Design: Double-blind, randomized, placebo-controlled phase II study.
Patients: Active Radiographic Stage II, III, and IV active pulmonary sarcoidosis despite corticosteroids or previous intolerance to corticosteroids.
Intervention: Infliximab 5mg/kg (group I) or placebo (group II) at weeks 0 and 2 and open-label infliximab 5mg/kg for all subjects at weeks 6 and 14.
Measurements: Pulmonary function, chest radiographs, dyspnea stage, SF-36.
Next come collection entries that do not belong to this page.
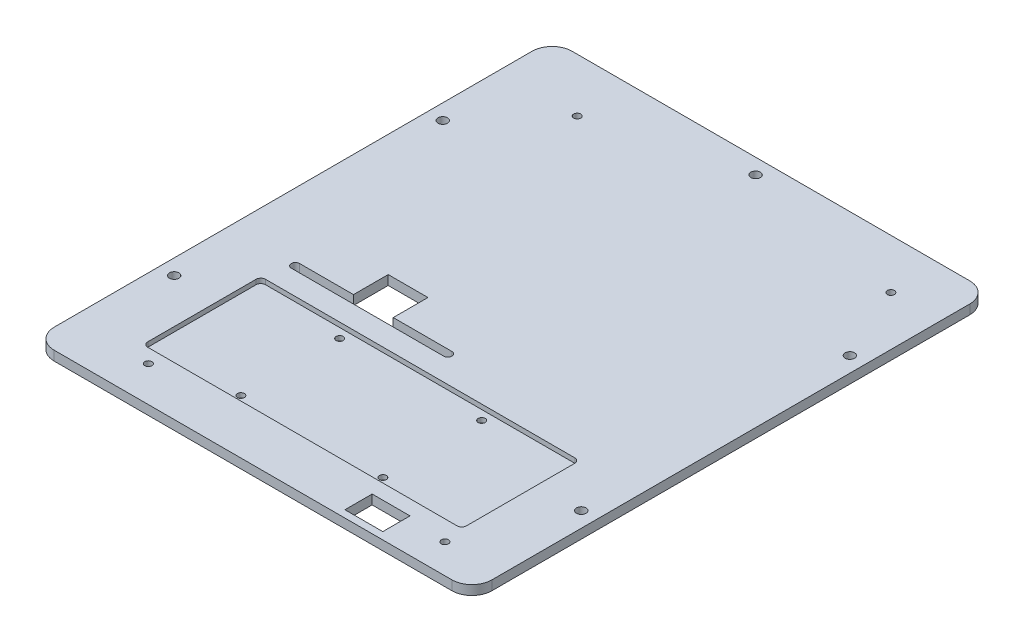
ISO-10303-21;
HEADER;
FILE_DESCRIPTION(('STEP AP214'),'2;1');
FILE_NAME('part.step','',(''),(''),'','','');
FILE_SCHEMA(('AUTOMOTIVE_DESIGN { 1 0 10303 214 1 1 1 1 }'));
ENDSEC;
DATA;
#1=APPLICATION_CONTEXT('core data for automotive mechanical design processes');
#2=APPLICATION_PROTOCOL_DEFINITION('international standard','automotive_design',2000,#1);
#3=PRODUCT_CONTEXT('',#1,'mechanical');
#4=PRODUCT('Part','Part','',(#3));
#5=PRODUCT_RELATED_PRODUCT_CATEGORY('part','',(#4));
#6=PRODUCT_DEFINITION_FORMATION('','',#4);
#7=PRODUCT_DEFINITION_CONTEXT('part definition',#1,'design');
#8=PRODUCT_DEFINITION('design','',#6,#7);
#9=PRODUCT_DEFINITION_SHAPE('','',#8);
#10=(LENGTH_UNIT() NAMED_UNIT(*) SI_UNIT(.MILLI.,.METRE.));
#11=(NAMED_UNIT(*) PLANE_ANGLE_UNIT() SI_UNIT($,.RADIAN.));
#12=(NAMED_UNIT(*) SI_UNIT($,.STERADIAN.) SOLID_ANGLE_UNIT());
#13=UNCERTAINTY_MEASURE_WITH_UNIT(LENGTH_MEASURE(1.E-05),#10,'distance_accuracy_value','');
#14=(GEOMETRIC_REPRESENTATION_CONTEXT(3) GLOBAL_UNCERTAINTY_ASSIGNED_CONTEXT((#13)) GLOBAL_UNIT_ASSIGNED_CONTEXT((#10,
#11,#12)) REPRESENTATION_CONTEXT('',''));
#15=CARTESIAN_POINT('',(0.,0.,0.));
#16=DIRECTION('',(0.,0.,1.));
#17=DIRECTION('',(1.,0.,0.));
#18=AXIS2_PLACEMENT_3D('',#15,#16,#17);
#19=CARTESIAN_POINT('',(69.6799999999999,0.,-61.38));
#20=DIRECTION('',(0.,1.,0.));
#21=DIRECTION('',(0.,0.,1.));
#22=AXIS2_PLACEMENT_3D('',#19,#20,#21);
#23=CYLINDRICAL_SURFACE('',#22,1.3);
#24=DIRECTION('',(0.,1.,0.));
#25=VECTOR('',#24,1.);
#26=CARTESIAN_POINT('',(69.6799999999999,0.,-62.68));
#27=LINE('',#26,#25);
#28=CARTESIAN_POINT('',(69.6799999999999,0.,-62.68));
#29=VERTEX_POINT('',#28);
#30=CARTESIAN_POINT('',(69.6799999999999,3.,-62.68));
#31=VERTEX_POINT('',#30);
#32=EDGE_CURVE('E501',#29,#31,#27,.T.);
#33=ORIENTED_EDGE('',*,*,#32,.F.);
#34=CARTESIAN_POINT('',(69.6799999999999,0.,-61.38));
#35=DIRECTION('',(0.,1.,0.));
#36=DIRECTION('',(0.,0.,1.));
#37=AXIS2_PLACEMENT_3D('',#34,#35,#36);
#38=CIRCLE('',#37,1.3);
#39=CARTESIAN_POINT('',(69.6799999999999,0.,-60.08));
#40=VERTEX_POINT('',#39);
#41=EDGE_CURVE('E507',#29,#40,#38,.F.);
#42=ORIENTED_EDGE('',*,*,#41,.T.);
#43=DIRECTION('',(0.,-1.,0.));
#44=VECTOR('',#43,1.);
#45=CARTESIAN_POINT('',(69.6799999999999,0.,-60.08));
#46=LINE('',#45,#44);
#47=CARTESIAN_POINT('',(69.6799999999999,3.,-60.08));
#48=VERTEX_POINT('',#47);
#49=EDGE_CURVE('E504',#48,#40,#46,.T.);
#50=ORIENTED_EDGE('',*,*,#49,.F.);
#51=CARTESIAN_POINT('',(69.6799999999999,3.,-61.38));
#52=DIRECTION('',(0.,1.,0.));
#53=DIRECTION('',(0.,0.,1.));
#54=AXIS2_PLACEMENT_3D('',#51,#52,#53);
#55=CIRCLE('',#54,1.3);
#56=EDGE_CURVE('E509',#48,#31,#55,.T.);
#57=ORIENTED_EDGE('',*,*,#56,.T.);
#58=EDGE_LOOP('',(#33,#42,#50,#57));
#59=FACE_BOUND('',#58,.T.);
#60=ADVANCED_FACE('F36',(#59),#23,.F.);
#61=CARTESIAN_POINT('',(21.3999999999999,0.,-61.38));
#62=DIRECTION('',(0.,1.,0.));
#63=DIRECTION('',(0.,0.,1.));
#64=AXIS2_PLACEMENT_3D('',#61,#62,#63);
#65=CYLINDRICAL_SURFACE('',#64,1.3);
#66=DIRECTION('',(0.,1.,0.));
#67=VECTOR('',#66,1.);
#68=CARTESIAN_POINT('',(21.3999999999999,0.,-60.08));
#69=LINE('',#68,#67);
#70=CARTESIAN_POINT('',(21.3999999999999,0.,-60.08));
#71=VERTEX_POINT('',#70);
#72=CARTESIAN_POINT('',(21.3999999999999,3.,-60.08));
#73=VERTEX_POINT('',#72);
#74=EDGE_CURVE('E491',#71,#73,#69,.T.);
#75=ORIENTED_EDGE('',*,*,#74,.F.);
#76=CARTESIAN_POINT('',(21.3999999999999,0.,-61.38));
#77=DIRECTION('',(0.,1.,0.));
#78=DIRECTION('',(0.,0.,1.));
#79=AXIS2_PLACEMENT_3D('',#76,#77,#78);
#80=CIRCLE('',#79,1.3);
#81=CARTESIAN_POINT('',(21.3999999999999,0.,-62.68));
#82=VERTEX_POINT('',#81);
#83=EDGE_CURVE('E497',#71,#82,#80,.F.);
#84=ORIENTED_EDGE('',*,*,#83,.T.);
#85=DIRECTION('',(0.,-1.,0.));
#86=VECTOR('',#85,1.);
#87=CARTESIAN_POINT('',(21.3999999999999,0.,-62.68));
#88=LINE('',#87,#86);
#89=CARTESIAN_POINT('',(21.3999999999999,3.,-62.68));
#90=VERTEX_POINT('',#89);
#91=EDGE_CURVE('E494',#90,#82,#88,.T.);
#92=ORIENTED_EDGE('',*,*,#91,.F.);
#93=CARTESIAN_POINT('',(21.3999999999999,3.,-61.38));
#94=DIRECTION('',(0.,1.,0.));
#95=DIRECTION('',(0.,0.,1.));
#96=AXIS2_PLACEMENT_3D('',#93,#94,#95);
#97=CIRCLE('',#96,1.3);
#98=EDGE_CURVE('E499',#90,#73,#97,.T.);
#99=ORIENTED_EDGE('',*,*,#98,.T.);
#100=EDGE_LOOP('',(#75,#84,#92,#99));
#101=FACE_BOUND('',#100,.T.);
#102=ADVANCED_FACE('F536',(#101),#65,.F.);
#103=CARTESIAN_POINT('',(6.35000000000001,3.,-6.34999999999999));
#104=DIRECTION('',(0.,1.,0.));
#105=DIRECTION('',(0.,0.,1.));
#106=AXIS2_PLACEMENT_3D('',#103,#104,#105);
#107=PLANE('',#106);
#108=DIRECTION('',(0.,0.,-1.));
#109=VECTOR('',#108,1.);
#110=CARTESIAN_POINT('',(108.17,3.,-2.28500000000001));
#111=LINE('',#110,#109);
#112=CARTESIAN_POINT('',(108.17,3.,-2.28500000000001));
#113=VERTEX_POINT('',#112);
#114=CARTESIAN_POINT('',(108.17,3.,-10.915));
#115=VERTEX_POINT('',#114);
#116=EDGE_CURVE('E51',#113,#115,#111,.T.);
#117=ORIENTED_EDGE('',*,*,#116,.F.);
#118=DIRECTION('',(1.,0.,0.));
#119=VECTOR('',#118,1.);
#120=CARTESIAN_POINT('',(96.17,3.,-2.28500000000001));
#121=LINE('',#120,#119);
#122=CARTESIAN_POINT('',(96.17,3.,-2.28500000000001));
#123=VERTEX_POINT('',#122);
#124=EDGE_CURVE('E240',#123,#113,#121,.T.);
#125=ORIENTED_EDGE('',*,*,#124,.F.);
#126=DIRECTION('',(0.,0.,1.));
#127=VECTOR('',#126,1.);
#128=CARTESIAN_POINT('',(96.17,3.,-2.28500000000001));
#129=LINE('',#128,#127);
#130=CARTESIAN_POINT('',(96.17,3.,-10.915));
#131=VERTEX_POINT('',#130);
#132=EDGE_CURVE('E224',#131,#123,#129,.T.);
#133=ORIENTED_EDGE('',*,*,#132,.F.);
#134=DIRECTION('',(-1.,0.,0.));
#135=VECTOR('',#134,1.);
#136=CARTESIAN_POINT('',(96.17,3.,-10.915));
#137=LINE('',#136,#135);
#138=EDGE_CURVE('E233',#115,#131,#137,.T.);
#139=ORIENTED_EDGE('',*,*,#138,.F.);
#140=EDGE_LOOP('',(#117,#125,#133,#139));
#141=FACE_BOUND('',#140,.T.);
#142=ORIENTED_EDGE('',*,*,#98,.F.);
#143=DIRECTION('',(1.,0.,0.));
#144=VECTOR('',#143,1.);
#145=CARTESIAN_POINT('',(0.,3.,-62.68));
#146=LINE('',#145,#144);
#147=CARTESIAN_POINT('',(38.49,3.,-62.68));
#148=VERTEX_POINT('',#147);
#149=EDGE_CURVE('E467',#90,#148,#146,.T.);
#150=ORIENTED_EDGE('',*,*,#149,.T.);
#151=DIRECTION('',(0.,0.,1.));
#152=VECTOR('',#151,1.);
#153=CARTESIAN_POINT('',(38.49,3.,0.));
#154=LINE('',#153,#152);
#155=CARTESIAN_POINT('',(38.49,3.,-73.68));
#156=VERTEX_POINT('',#155);
#157=EDGE_CURVE('E461',#156,#148,#154,.T.);
#158=ORIENTED_EDGE('',*,*,#157,.F.);
#159=DIRECTION('',(1.,0.,0.));
#160=VECTOR('',#159,1.);
#161=CARTESIAN_POINT('',(0.,3.,-73.68));
#162=LINE('',#161,#160);
#163=CARTESIAN_POINT('',(51.09,3.,-73.68));
#164=VERTEX_POINT('',#163);
#165=EDGE_CURVE('E420',#156,#164,#162,.T.);
#166=ORIENTED_EDGE('',*,*,#165,.T.);
#167=DIRECTION('',(0.,0.,1.));
#168=VECTOR('',#167,1.);
#169=CARTESIAN_POINT('',(51.09,3.,0.));
#170=LINE('',#169,#168);
#171=CARTESIAN_POINT('',(51.09,3.,-62.68));
#172=VERTEX_POINT('',#171);
#173=EDGE_CURVE('E285',#164,#172,#170,.T.);
#174=ORIENTED_EDGE('',*,*,#173,.T.);
#175=EDGE_CURVE('E470',#172,#31,#146,.T.);
#176=ORIENTED_EDGE('',*,*,#175,.T.);
#177=ORIENTED_EDGE('',*,*,#56,.F.);
#178=DIRECTION('',(1.,0.,0.));
#179=VECTOR('',#178,1.);
#180=CARTESIAN_POINT('',(0.,3.,-60.08));
#181=LINE('',#180,#179);
#182=EDGE_CURVE('E476',#73,#48,#181,.T.);
#183=ORIENTED_EDGE('',*,*,#182,.F.);
#184=EDGE_LOOP('',(#142,#150,#158,#166,#174,#176,#177,#183));
#185=FACE_BOUND('',#184,.T.);
#186=CARTESIAN_POINT('',(69.35,3.,-159.247561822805));
#187=DIRECTION('',(0.,1.,0.));
#188=DIRECTION('',(0.,0.,1.));
#189=AXIS2_PLACEMENT_3D('',#186,#187,#188);
#190=CIRCLE('',#189,1.5);
#191=CARTESIAN_POINT('',(69.35,3.,-157.747561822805));
#192=VERTEX_POINT('',#191);
#193=EDGE_CURVE('E445',#192,#192,#190,.T.);
#194=ORIENTED_EDGE('',*,*,#193,.F.);
#195=EDGE_LOOP('',(#194));
#196=FACE_BOUND('',#195,.T.);
#197=CARTESIAN_POINT('',(4.85332117,3.,-124.6));
#198=DIRECTION('',(0.,1.,0.));
#199=DIRECTION('',(0.,0.,1.));
#200=AXIS2_PLACEMENT_3D('',#197,#198,#199);
#201=CIRCLE('',#200,1.5);
#202=CARTESIAN_POINT('',(4.85332117,3.,-123.1));
#203=VERTEX_POINT('',#202);
#204=EDGE_CURVE('E439',#203,#203,#201,.T.);
#205=ORIENTED_EDGE('',*,*,#204,.F.);
#206=EDGE_LOOP('',(#205));
#207=FACE_BOUND('',#206,.T.);
#208=CARTESIAN_POINT('',(133.84667883,3.,-124.6));
#209=DIRECTION('',(0.,1.,0.));
#210=DIRECTION('',(0.,0.,1.));
#211=AXIS2_PLACEMENT_3D('',#208,#209,#210);
#212=CIRCLE('',#211,1.5);
#213=CARTESIAN_POINT('',(133.84667883,3.,-123.1));
#214=VERTEX_POINT('',#213);
#215=EDGE_CURVE('E433',#214,#214,#212,.T.);
#216=ORIENTED_EDGE('',*,*,#215,.F.);
#217=EDGE_LOOP('',(#216));
#218=FACE_BOUND('',#217,.T.);
#219=CARTESIAN_POINT('',(133.84667883,3.,-39.5));
#220=DIRECTION('',(0.,1.,0.));
#221=DIRECTION('',(0.,0.,1.));
#222=AXIS2_PLACEMENT_3D('',#219,#220,#221);
#223=CIRCLE('',#222,1.5);
#224=CARTESIAN_POINT('',(133.84667883,3.,-38.));
#225=VERTEX_POINT('',#224);
#226=EDGE_CURVE('E427',#225,#225,#223,.T.);
#227=ORIENTED_EDGE('',*,*,#226,.F.);
#228=EDGE_LOOP('',(#227));
#229=FACE_BOUND('',#228,.T.);
#230=CARTESIAN_POINT('',(4.85332117,3.,-39.5));
#231=DIRECTION('',(0.,1.,0.));
#232=DIRECTION('',(0.,0.,1.));
#233=AXIS2_PLACEMENT_3D('',#230,#231,#232);
#234=CIRCLE('',#233,1.5);
#235=CARTESIAN_POINT('',(4.85332117,3.,-38.));
#236=VERTEX_POINT('',#235);
#237=EDGE_CURVE('E423',#236,#236,#234,.T.);
#238=ORIENTED_EDGE('',*,*,#237,.F.);
#239=EDGE_LOOP('',(#238));
#240=FACE_BOUND('',#239,.T.);
#241=CARTESIAN_POINT('',(120.825,3.,-9.325));
#242=DIRECTION('',(0.,1.,0.));
#243=DIRECTION('',(0.,0.,1.));
#244=AXIS2_PLACEMENT_3D('',#241,#242,#243);
#245=CIRCLE('',#244,1.13029999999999);
#246=CARTESIAN_POINT('',(120.825,3.,-8.19470000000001));
#247=VERTEX_POINT('',#246);
#248=EDGE_CURVE('E417',#247,#247,#245,.T.);
#249=ORIENTED_EDGE('',*,*,#248,.F.);
#250=EDGE_LOOP('',(#249));
#251=FACE_BOUND('',#250,.T.);
#252=CARTESIAN_POINT('',(123.0602,3.,-148.39));
#253=DIRECTION('',(0.,1.,0.));
#254=DIRECTION('',(0.,0.,1.));
#255=AXIS2_PLACEMENT_3D('',#252,#253,#254);
#256=CIRCLE('',#255,1.13029999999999);
#257=CARTESIAN_POINT('',(123.0602,3.,-147.2597));
#258=VERTEX_POINT('',#257);
#259=EDGE_CURVE('E411',#258,#258,#256,.T.);
#260=ORIENTED_EDGE('',*,*,#259,.F.);
#261=EDGE_LOOP('',(#260));
#262=FACE_BOUND('',#261,.T.);
#263=CARTESIAN_POINT('',(24.94,3.,-147.12));
#264=DIRECTION('',(0.,1.,0.));
#265=DIRECTION('',(0.,0.,1.));
#266=AXIS2_PLACEMENT_3D('',#263,#264,#265);
#267=CIRCLE('',#266,1.1303);
#268=CARTESIAN_POINT('',(24.94,3.,-145.9897));
#269=VERTEX_POINT('',#268);
#270=EDGE_CURVE('E405',#269,#269,#267,.T.);
#271=ORIENTED_EDGE('',*,*,#270,.F.);
#272=EDGE_LOOP('',(#271));
#273=FACE_BOUND('',#272,.T.);
#274=CARTESIAN_POINT('',(24.94,3.,-11.23));
#275=DIRECTION('',(0.,1.,0.));
#276=DIRECTION('',(0.,0.,1.));
#277=AXIS2_PLACEMENT_3D('',#274,#275,#276);
#278=CIRCLE('',#277,1.1303);
#279=CARTESIAN_POINT('',(24.94,3.,-10.0997));
#280=VERTEX_POINT('',#279);
#281=EDGE_CURVE('E399',#280,#280,#278,.T.);
#282=ORIENTED_EDGE('',*,*,#281,.F.);
#283=EDGE_LOOP('',(#282));
#284=FACE_BOUND('',#283,.T.);
#285=CARTESIAN_POINT('',(20.35,3.,-17.13));
#286=DIRECTION('',(0.,1.,0.));
#287=DIRECTION('',(0.,0.,1.));
#288=AXIS2_PLACEMENT_3D('',#285,#286,#287);
#289=CIRCLE('',#288,1.50000000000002);
#290=CARTESIAN_POINT('',(18.8499999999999,3.,-17.13));
#291=VERTEX_POINT('',#290);
#292=CARTESIAN_POINT('',(20.35,3.,-15.63));
#293=VERTEX_POINT('',#292);
#294=EDGE_CURVE('E278',#291,#293,#289,.T.);
#295=ORIENTED_EDGE('',*,*,#294,.F.);
#296=DIRECTION('',(0.,0.,1.));
#297=VECTOR('',#296,1.);
#298=CARTESIAN_POINT('',(18.8499999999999,3.,-51.45));
#299=LINE('',#298,#297);
#300=CARTESIAN_POINT('',(18.8499999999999,3.,-51.45));
#301=VERTEX_POINT('',#300);
#302=EDGE_CURVE('E332',#301,#291,#299,.T.);
#303=ORIENTED_EDGE('',*,*,#302,.F.);
#304=CARTESIAN_POINT('',(20.35,3.,-51.45));
#305=DIRECTION('',(0.,1.,0.));
#306=DIRECTION('',(0.,0.,-1.));
#307=AXIS2_PLACEMENT_3D('',#304,#305,#306);
#308=CIRCLE('',#307,1.50000000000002);
#309=CARTESIAN_POINT('',(20.35,3.,-52.95));
#310=VERTEX_POINT('',#309);
#311=EDGE_CURVE('E329',#310,#301,#308,.T.);
#312=ORIENTED_EDGE('',*,*,#311,.F.);
#313=DIRECTION('',(-1.,0.,0.));
#314=VECTOR('',#313,1.);
#315=CARTESIAN_POINT('',(20.35,3.,-52.95));
#316=LINE('',#315,#314);
#317=CARTESIAN_POINT('',(118.35,3.,-52.95));
#318=VERTEX_POINT('',#317);
#319=EDGE_CURVE('E326',#318,#310,#316,.T.);
#320=ORIENTED_EDGE('',*,*,#319,.F.);
#321=CARTESIAN_POINT('',(118.35,3.,-51.45));
#322=DIRECTION('',(0.,1.,0.));
#323=DIRECTION('',(0.,0.,1.));
#324=AXIS2_PLACEMENT_3D('',#321,#322,#323);
#325=CIRCLE('',#324,1.50000000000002);
#326=CARTESIAN_POINT('',(119.85,3.,-51.45));
#327=VERTEX_POINT('',#326);
#328=EDGE_CURVE('E323',#327,#318,#325,.T.);
#329=ORIENTED_EDGE('',*,*,#328,.F.);
#330=DIRECTION('',(0.,0.,-1.));
#331=VECTOR('',#330,1.);
#332=CARTESIAN_POINT('',(119.85,3.,-51.45));
#333=LINE('',#332,#331);
#334=CARTESIAN_POINT('',(119.85,3.,-17.13));
#335=VERTEX_POINT('',#334);
#336=EDGE_CURVE('E320',#335,#327,#333,.T.);
#337=ORIENTED_EDGE('',*,*,#336,.F.);
#338=CARTESIAN_POINT('',(118.35,3.,-17.13));
#339=DIRECTION('',(0.,1.,0.));
#340=DIRECTION('',(0.,0.,-1.));
#341=AXIS2_PLACEMENT_3D('',#338,#339,#340);
#342=CIRCLE('',#341,1.50000000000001);
#343=CARTESIAN_POINT('',(118.35,3.,-15.63));
#344=VERTEX_POINT('',#343);
#345=EDGE_CURVE('E317',#344,#335,#342,.T.);
#346=ORIENTED_EDGE('',*,*,#345,.F.);
#347=DIRECTION('',(1.,0.,0.));
#348=VECTOR('',#347,1.);
#349=CARTESIAN_POINT('',(20.35,3.,-15.63));
#350=LINE('',#349,#348);
#351=EDGE_CURVE('E314',#293,#344,#350,.T.);
#352=ORIENTED_EDGE('',*,*,#351,.F.);
#353=EDGE_LOOP('',(#295,#303,#312,#320,#329,#337,#346,#352));
#354=FACE_BOUND('',#353,.T.);
#355=CARTESIAN_POINT('',(6.35000000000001,3.,-6.34999999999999));
#356=DIRECTION('',(0.,1.,0.));
#357=DIRECTION('',(0.,0.,1.));
#358=AXIS2_PLACEMENT_3D('',#355,#356,#357);
#359=CIRCLE('',#358,6.35);
#360=CARTESIAN_POINT('',(0.,3.,-6.34999999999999));
#361=VERTEX_POINT('',#360);
#362=CARTESIAN_POINT('',(6.35000000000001,3.,0.));
#363=VERTEX_POINT('',#362);
#364=EDGE_CURVE('E247',#361,#363,#359,.T.);
#365=ORIENTED_EDGE('',*,*,#364,.T.);
#366=DIRECTION('',(1.,0.,0.));
#367=VECTOR('',#366,1.);
#368=CARTESIAN_POINT('',(6.35000000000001,3.,0.));
#369=LINE('',#368,#367);
#370=CARTESIAN_POINT('',(132.35,3.,0.));
#371=VERTEX_POINT('',#370);
#372=EDGE_CURVE('E296',#363,#371,#369,.T.);
#373=ORIENTED_EDGE('',*,*,#372,.T.);
#374=CARTESIAN_POINT('',(132.35,3.,-6.34999999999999));
#375=DIRECTION('',(0.,1.,0.));
#376=DIRECTION('',(0.,0.,-1.));
#377=AXIS2_PLACEMENT_3D('',#374,#375,#376);
#378=CIRCLE('',#377,6.35000000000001);
#379=CARTESIAN_POINT('',(138.7,3.,-6.34999999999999));
#380=VERTEX_POINT('',#379);
#381=EDGE_CURVE('E294',#371,#380,#378,.T.);
#382=ORIENTED_EDGE('',*,*,#381,.T.);
#383=DIRECTION('',(0.,0.,-1.));
#384=VECTOR('',#383,1.);
#385=CARTESIAN_POINT('',(138.7,3.,-157.75));
#386=LINE('',#385,#384);
#387=CARTESIAN_POINT('',(138.7,3.,-157.75));
#388=VERTEX_POINT('',#387);
#389=EDGE_CURVE('E292',#380,#388,#386,.T.);
#390=ORIENTED_EDGE('',*,*,#389,.T.);
#391=CARTESIAN_POINT('',(132.35,3.,-157.75));
#392=DIRECTION('',(0.,1.,0.));
#393=DIRECTION('',(0.,0.,1.));
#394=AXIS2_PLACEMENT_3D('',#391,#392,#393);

Results: Mean vital capacity (VC) at wk 0 was 2.47 +/- 0.2 (group I) and 2.37 +/- 0.31 (group II). At 6 weeks the mean +/- SD relative change in VC compared to baseline was 15.22 +/- 9.91% for group I (n=13) and 8.39 +/- 3.33% for group II (n=6) (p=0.65). Four patients had serious adverse events, including decreased WBC and elevated CPK (1 patient), pneumonia (1 patient), cellulitis, acute renal failure, pulmonary embolus and death (1 patient), and visual field defect (1 patient).
Conclusions: Infliximab may improve VC in patients with active PS resistant to steroids. Larger scale, longer term studies will be needed to assess both safety and efficacy.